The first initial test involves white noise and car noise are 1/3 respectively. The performance report is here:
The conclusions is that:
- by sampling noises, most of the noise patterns can be learned efficiently and thus improve performance on noisy test data.
- by sampling noises with high variance, performance on clean speech is largely remained.
Continuous LM
1. SogouQ n-gram building: 500M text data, 110k words. Two tests:
(1) using Tencent online1 and online2 transcription: online1: 1651 online2: 1512 (2) using 70k sogouQ test set : ppl 33
This means the SogouQ text is significantly different from the online1 and online2 Tencent set, due to the different domain.
2. NN LM
Using 11k words as the input, 192 units in the hidden layer. 500M text data from QA data. Test with online2 transcription.
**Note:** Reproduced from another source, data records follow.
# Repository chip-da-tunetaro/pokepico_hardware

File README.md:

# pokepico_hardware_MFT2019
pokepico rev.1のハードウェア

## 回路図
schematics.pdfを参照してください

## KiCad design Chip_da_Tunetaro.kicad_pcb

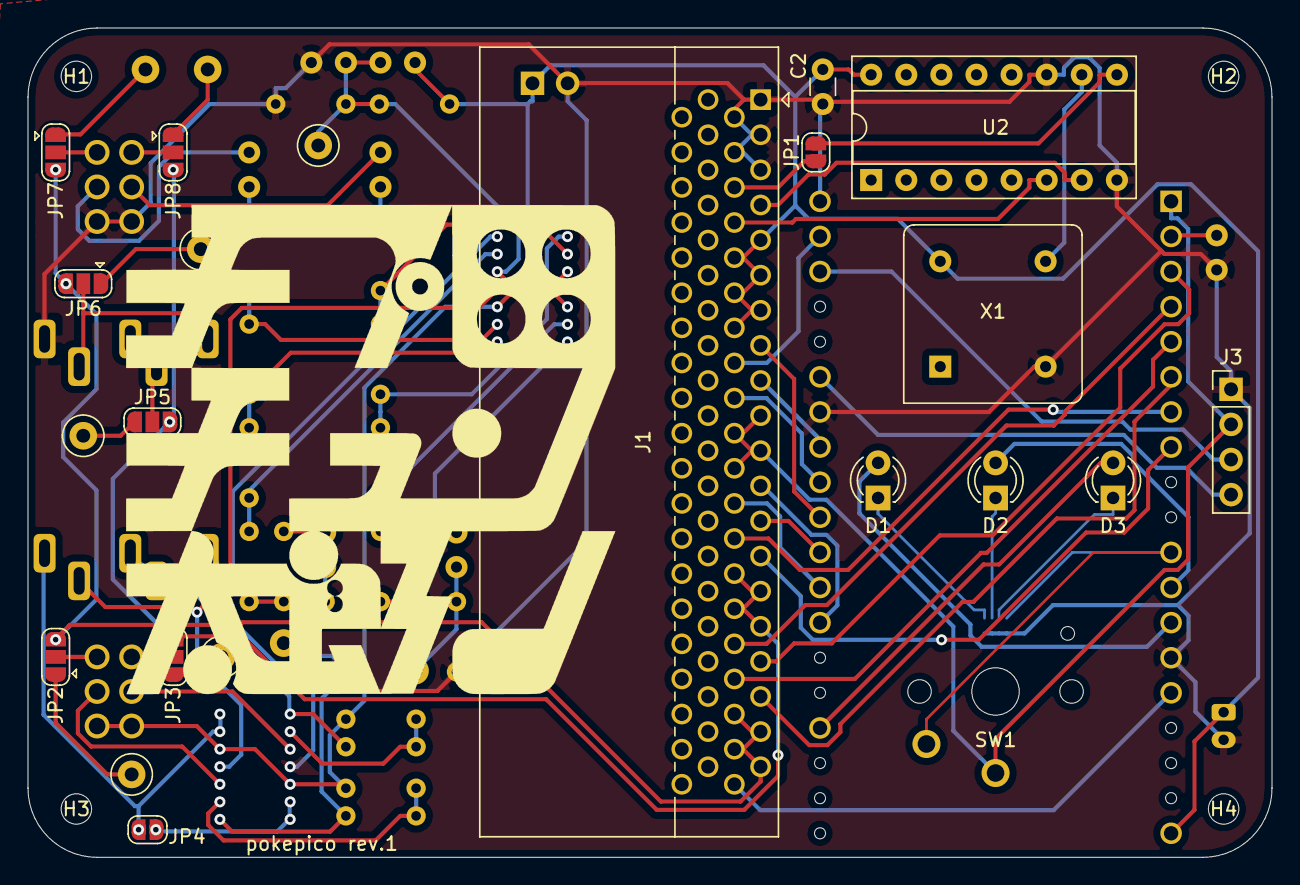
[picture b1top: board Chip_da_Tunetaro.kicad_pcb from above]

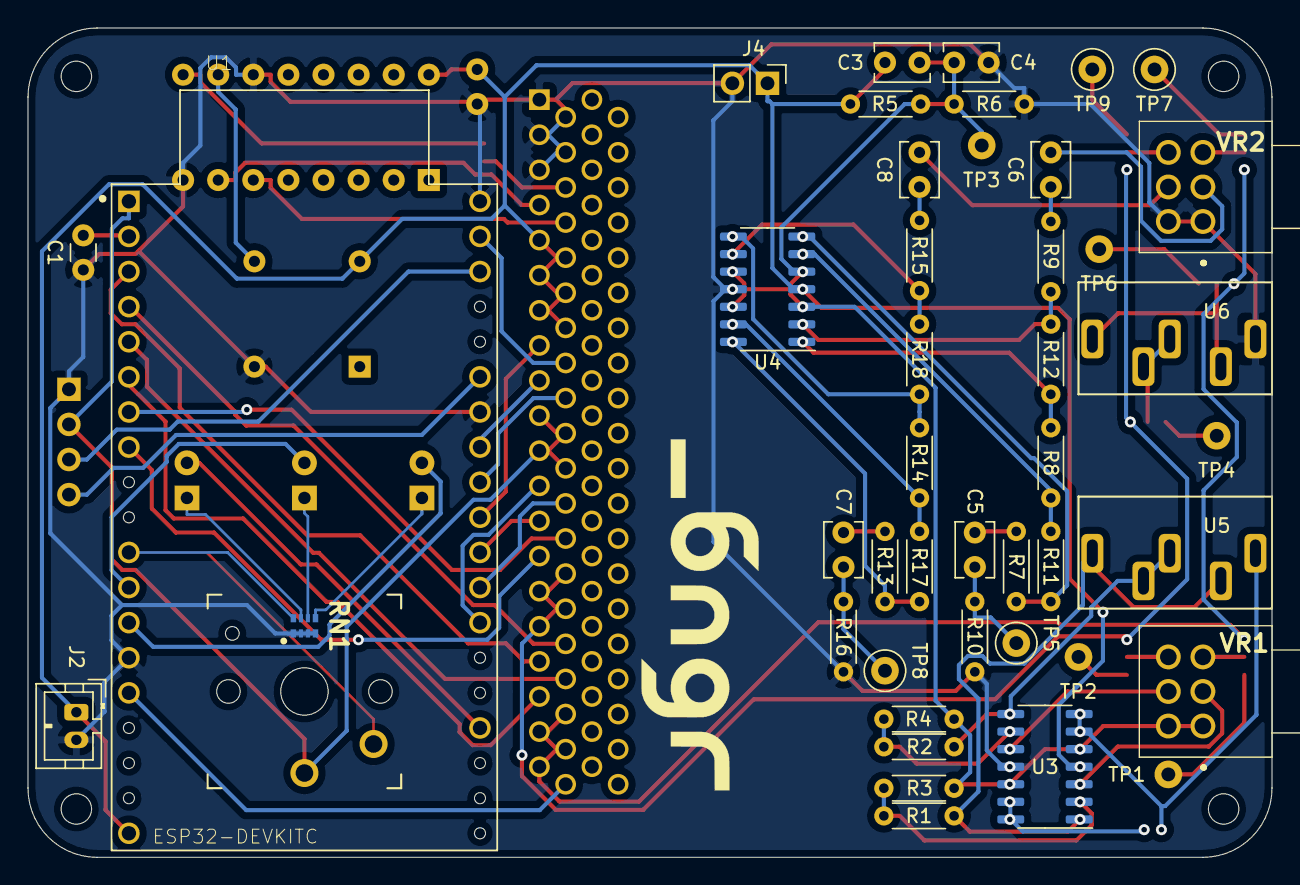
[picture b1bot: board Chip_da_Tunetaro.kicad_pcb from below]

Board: 2 copper layers, 90.0 x 60.0 mm, 66 parts (39 on the bottom side), 71 nets.

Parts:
C1: 1n; C_Disc_D3.0mm_W1.6mm_P2.50mm
C2: 0.1u; C_Disc_D3.0mm_W1.6mm_P2.50mm
C3, C4, C5, C6, C7, C8: C; C_Disc_D3.8mm_W2.6mm_P2.50mm
D1, D2, D3: LED; LED_D3.0mm
H1, H2, H3, H4: MountingHole; MountingHole_2.2mm_M2
J1: microbit_edge_connector; 4UCON_10156_2x40_P1.27mm_Socket_Horizontal
J2: Conn_01x02_Male; JST_PH_B2B-PH-K_1x02_P2.00mm_Vertical
J3: I2C; PinHeader_1x04_P2.54mm_Vertical
J4: POWERPOINT; PinHeader_1x02_P2.54mm_Vertical
JP1: SAA_INT_CLOCK; SolderJumper-2_P1.3mm_Open_RoundedPad1.0x1.5mm
JP2: FROW_L_SEL; SolderJumper-3_P1.3mm_Open_RoundedPad1.0x1.5mm
JP3: FLOW_R_SEL; SolderJumper-3_P1.3mm_Open_RoundedPad1.0x1.5mm
JP4: Jumper_NO_Small; SolderJumper-2_P1.3mm_Open_RoundedPad1.0x1.5mm
JP5: OUT_R_SEL; SolderJumper-3_P1.3mm_Open_RoundedPad1.0x1.5mm
JP6: OUT_L_SEL; SolderJumper-3_P1.3mm_Open_RoundedPad1.0x1.5mm
JP7: AMP_L_SEL; SolderJumper-3_P1.3mm_Open_RoundedPad1.0x1.5mm
JP8: AMP_R_SEL; SolderJumper-3_P1.3mm_Open_RoundedPad1.0x1.5mm
R1, R2, R3, R4, R5, R6, R7, R8, R9, R10, R11, R12, R13, R14, R15, R16, R17, R18: R; R_Axial_DIN0204_L3.6mm_D1.6mm_P5.08mm_Horizontal
RN1: MNR04MRAPJ103; RESCAX50P100X200X36-8N
SW1: SW_Push; PG1350
TP1: FLOW_L_ALT; TestPoint_Loop_D1.80mm_Drill1.0mm_Beaded
TP2: FLOW_R_ALT; TestPoint_Loop_D1.80mm_Drill1.0mm_Beaded
TP3: BIAS; TestPoint_Loop_D1.80mm_Drill1.0mm_Beaded
TP4: OUT_R_ALT; TestPoint_Loop_D1.80mm_Drill1.0mm_Beaded
TP5: LEFT_OUT; TestPoint_Loop_D1.80mm_Drill1.0mm_Beaded
TP6: OUT_L_ALT; TestPoint_Loop_D1.80mm_Drill1.0mm_Beaded
TP7: AMP_L_ALT; TestPoint_Loop_D1.80mm_Drill1.0mm_Beaded
TP8: RIGHT_OUT; TestPoint_Loop_D1.80mm_Drill1.0mm_Beaded
TP9: AMP_R_ALT; TestPoint_Loop_D1.80mm_Drill1.0mm_Beaded
U1: ESP32-DEVKITC
U2: 4040; DIP-16_W7.62mm_Socket
U3, U4: LMV324; SOIC-14_3.9x8.7mm_P1.27mm
U5, U6: PJ-325
VR1, VR2: RK0972A503L15F
X1: CXO_DIP8; Oscillator_DIP-8
gg1: LOGO; chip

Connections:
3V3: J1.37, J1.39, J1.41, J1.43, J3.2, SW1.1, U1.1
5V: C2.2, C3.1, J1.17, J1.19, J1.21, J1.23, J1.25, J1.27, J2.1, J4.1, R5.1, U1.19, U2.16, U3.4, U4.4, X1.8
16MHz: U2.10, X1.5
AMP_IN_L: C6.2, VR2.2
AMP_IN_R: C8.2, VR2.5
CHECK1: J1.67, U1.5
CHECK2: J1.69, U1.6
CHECK3: J1.63, U1.4
CHECK4: J1.65, U1.3
CLK_AY: J1.15, U2.6
CLK_SAA: JP1.2, U2.9
CLK_SN: J1.13, U2.7
CONTROL1: J1.47, U1.27
CONTROL2: J1.49, U1.28
CONTROL3: J1.51, U1.7
CONTROL4: J1.53, U1.8
DATA: J1.31, U1.37
FLOW_IN_L: U3.3, VR1.2
FLOW_IN_R: U3.10, VR1.5
FLOW_OUT_L: R1.1, U3.1, U5.4, U5.5
FLOW_OUT_R: R2.1, U3.8, U5.2, U5.3
FLOW_OUT_SHIELD: JP4.1, U3.6, U3.7, U5.1
GND: C1.1, C2.1, C4.2, J1.1, J1.3, J1.5, J1.7, J1.9, J2.2, J3.1, J4.2, R6.2, R10.1, R16.1, RN1.1, RN1.2, RN1.3, RN1.4, U1.14, U1.32, U1.38, U2.8, U2.11, U3.11, U4.11, U6.1, VR2.1, VR2.4, X1.4
LATCH: J1.33, U1.31
LED1: D1.2, U1.13
LED2: D2.2, U1.12
LED3: D3.2, U1.23
LEFT_IN: J1.71, J1.73, J1.75, J1.77, JP2.3, JP6.3, JP7.3
LEFT_OUT: C5.1, R10.2, TP5.1
MUDA1: J1.29, U1.29
MUDA2: J1.45, U1.26
MUDA3: J1.79, U1.15
unnamed: C1.2, U1.2
unnamed: C5.2, R7.1
unnamed: C6.1, R9.2
unnamed: C7.2, R13.1
unnamed: C8.1, R15.2
unnamed: D1.1, RN1.5
unnamed: D2.1, RN1.6
unnamed: D3.1, RN1.7
unnamed: J1.11, JP1.1
unnamed: JP2.1, TP1.1
unnamed: JP2.2, VR1.3
unnamed: JP3.1, TP2.1
unnamed: JP3.2, VR1.6
unnamed: JP4.2, U3.13, U3.14
unnamed: JP5.1, TP4.1
unnamed: JP5.2, U6.2, U6.3
unnamed: JP6.1, TP6.1
unnamed: JP6.2, U6.4, U6.5
unnamed: JP7.1, TP7.1
unnamed: JP7.2, VR2.3
unnamed: JP8.1, TP9.1
unnamed: JP8.2, VR2.6
unnamed: R1.2, R3.2, U3.2
unnamed: R2.2, R4.2, U3.9
unnamed: R7.2, R11.1, U4.7
unnamed: R8.1, R11.2, U4.6
unnamed: R8.2, R12.1, U4.1
unnamed: R9.1, R12.2, U4.2
unnamed: R13.2, R17.1, U4.14
unnamed: R14.1, R17.2, U4.13
unnamed: R14.2, R18.1, U4.8
unnamed: R15.1, R18.2, U4.9
RIGHT_IN: J1.55, J1.57, J1.59, J1.61, JP3.3, JP5.3, JP8.3
RIGHT_OUT: C7.1, R16.2, TP8.1
SCK: J1.35, U1.30
SCL: J3.3, U1.36
SDA: J3.4, U1.33
SW: RN1.8, SW1.2, U1.11
bias: C3.2, C4.1, R3.1, R4.1, R5.2, R6.1, TP3.1, U3.5, U3.12, U4.3, U4.5, U4.10, U4.12, VR1.1, VR1.4

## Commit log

2019-08-14 add files

(1) Predict the most frequent 1-1024 words with the NN LM, and others predicted by 4-gram. n-gram baseline: 402.37; NN+ngram: 122.54 (2) Predict the most frequent 1-2048 words with the NN LM, and others predicted by 4-gram. n-gram baseline: 402.37; NN+ngram: 127.59 (3) Predict the most frequent 1024-2048 words with the NN LM, and others predicted by 4-gram. n-gram baseline: 402.37; NN+ngram: 118.92
Conclusions: NN LM is extremely good than n-gram, due to its smooth capacity.It seems it helps more for the not-very-frequent words, which verifies its capability in smoothing.